*Exercise data*.

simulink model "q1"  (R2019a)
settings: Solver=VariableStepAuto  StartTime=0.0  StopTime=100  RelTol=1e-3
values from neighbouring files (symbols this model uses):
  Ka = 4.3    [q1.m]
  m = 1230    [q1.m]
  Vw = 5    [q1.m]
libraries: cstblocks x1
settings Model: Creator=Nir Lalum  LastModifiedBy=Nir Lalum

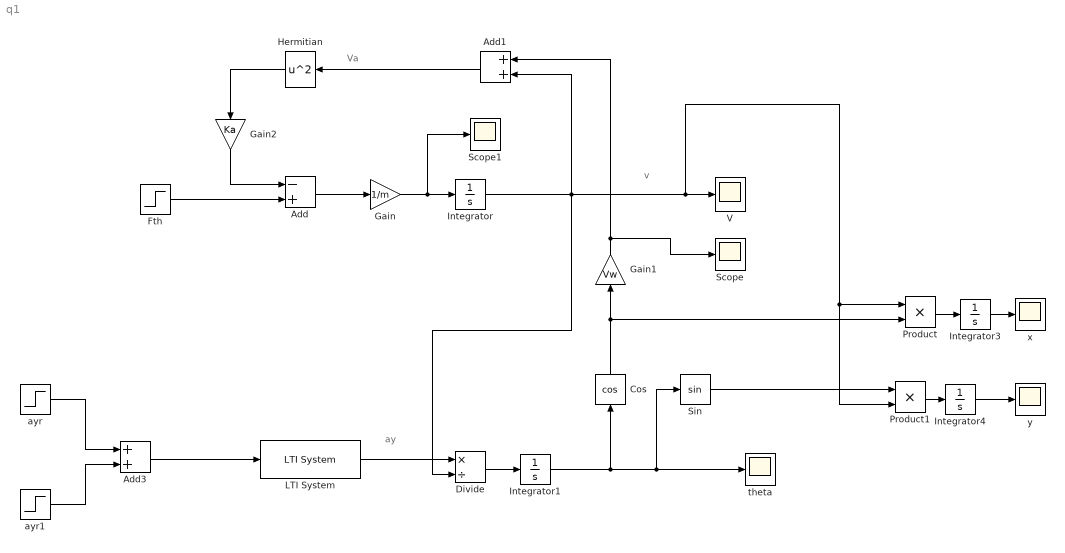
== system q1 ==
  note: v
  note: Va
  note: ay
  Add : Sum  Inputs=-+
  Add1 : Sum
  Add3 : Sum
  Cos : Trigonometry  Operator=cos
  Divide : Product  Inputs=*/
  Fth : Step  Time=0  After=0  SampleTime=0
  Gain : Gain  Gain=1/m
  Gain1 : Gain  Gain=Vw
  Gain2 : Gain  Gain=Ka
  Hermitian : Math  Operator=square  SaturateOnIntegerOverflow=on
  Integrator : Integrator  InitialCondition=40/3.6  LimitOutput=on  UpperSaturationLimit=90/3.6  LowerSaturationLimit=40/3.6
  Integrator1 : Integrator
  Integrator3 : Integrator
  Integrator4 : Integrator
  LTI System : cstblocks/LTI System  sys=G_ayr_ay  IC=[]
  Product : Product
  Product1 : Product
  Scope : Scope
  Scope1 : Scope
  Sin : Trigonometry
  V : Scope
  ayr : Step  Time=0  After=3  SampleTime=0
  ayr1 : Step  Time=70  After=0  SampleTime=0
  theta : Scope
  x : Scope
  y : Scope
  wires:
  Divide/1 -> Integrator1/1
  Cos/1 -> Product/2, Gain1/1
  Fth/1 -> Add/2
  Add/1 -> Gain/1
  Gain1/1 -> Scope/1, Add1/1
  Hermitian/1 -> Gain2/1
  Add1/1 -> Hermitian/1
  LTI System/1 -> Divide/1
  Integrator1/1 -> Cos/1, theta/1, Sin/1
  Gain2/1 -> Add/1
  Gain/1 -> Scope1/1, Integrator/1
  Sin/1 -> Product1/1
  Product/1 -> Integrator3/1
  Product1/1 -> Integrator4/1
  ayr/1 -> Add3/1
  ayr1/1 -> Add3/2
  Integrator/1 -> Product1/2, Product/1, V/1, Divide/2, Add1/2
  Integrator3/1 -> x/1
  Integrator4/1 -> y/1
  Add3/1 -> LTI System/1

*Task description*.
Reproduce each line of the material containing the word "After".

*Output for this task*.
  Fth : Step  Time=0  After=0  SampleTime=0
  ayr : Step  Time=0  After=3  SampleTime=0
  ayr1 : Step  Time=70  After=0  SampleTime=0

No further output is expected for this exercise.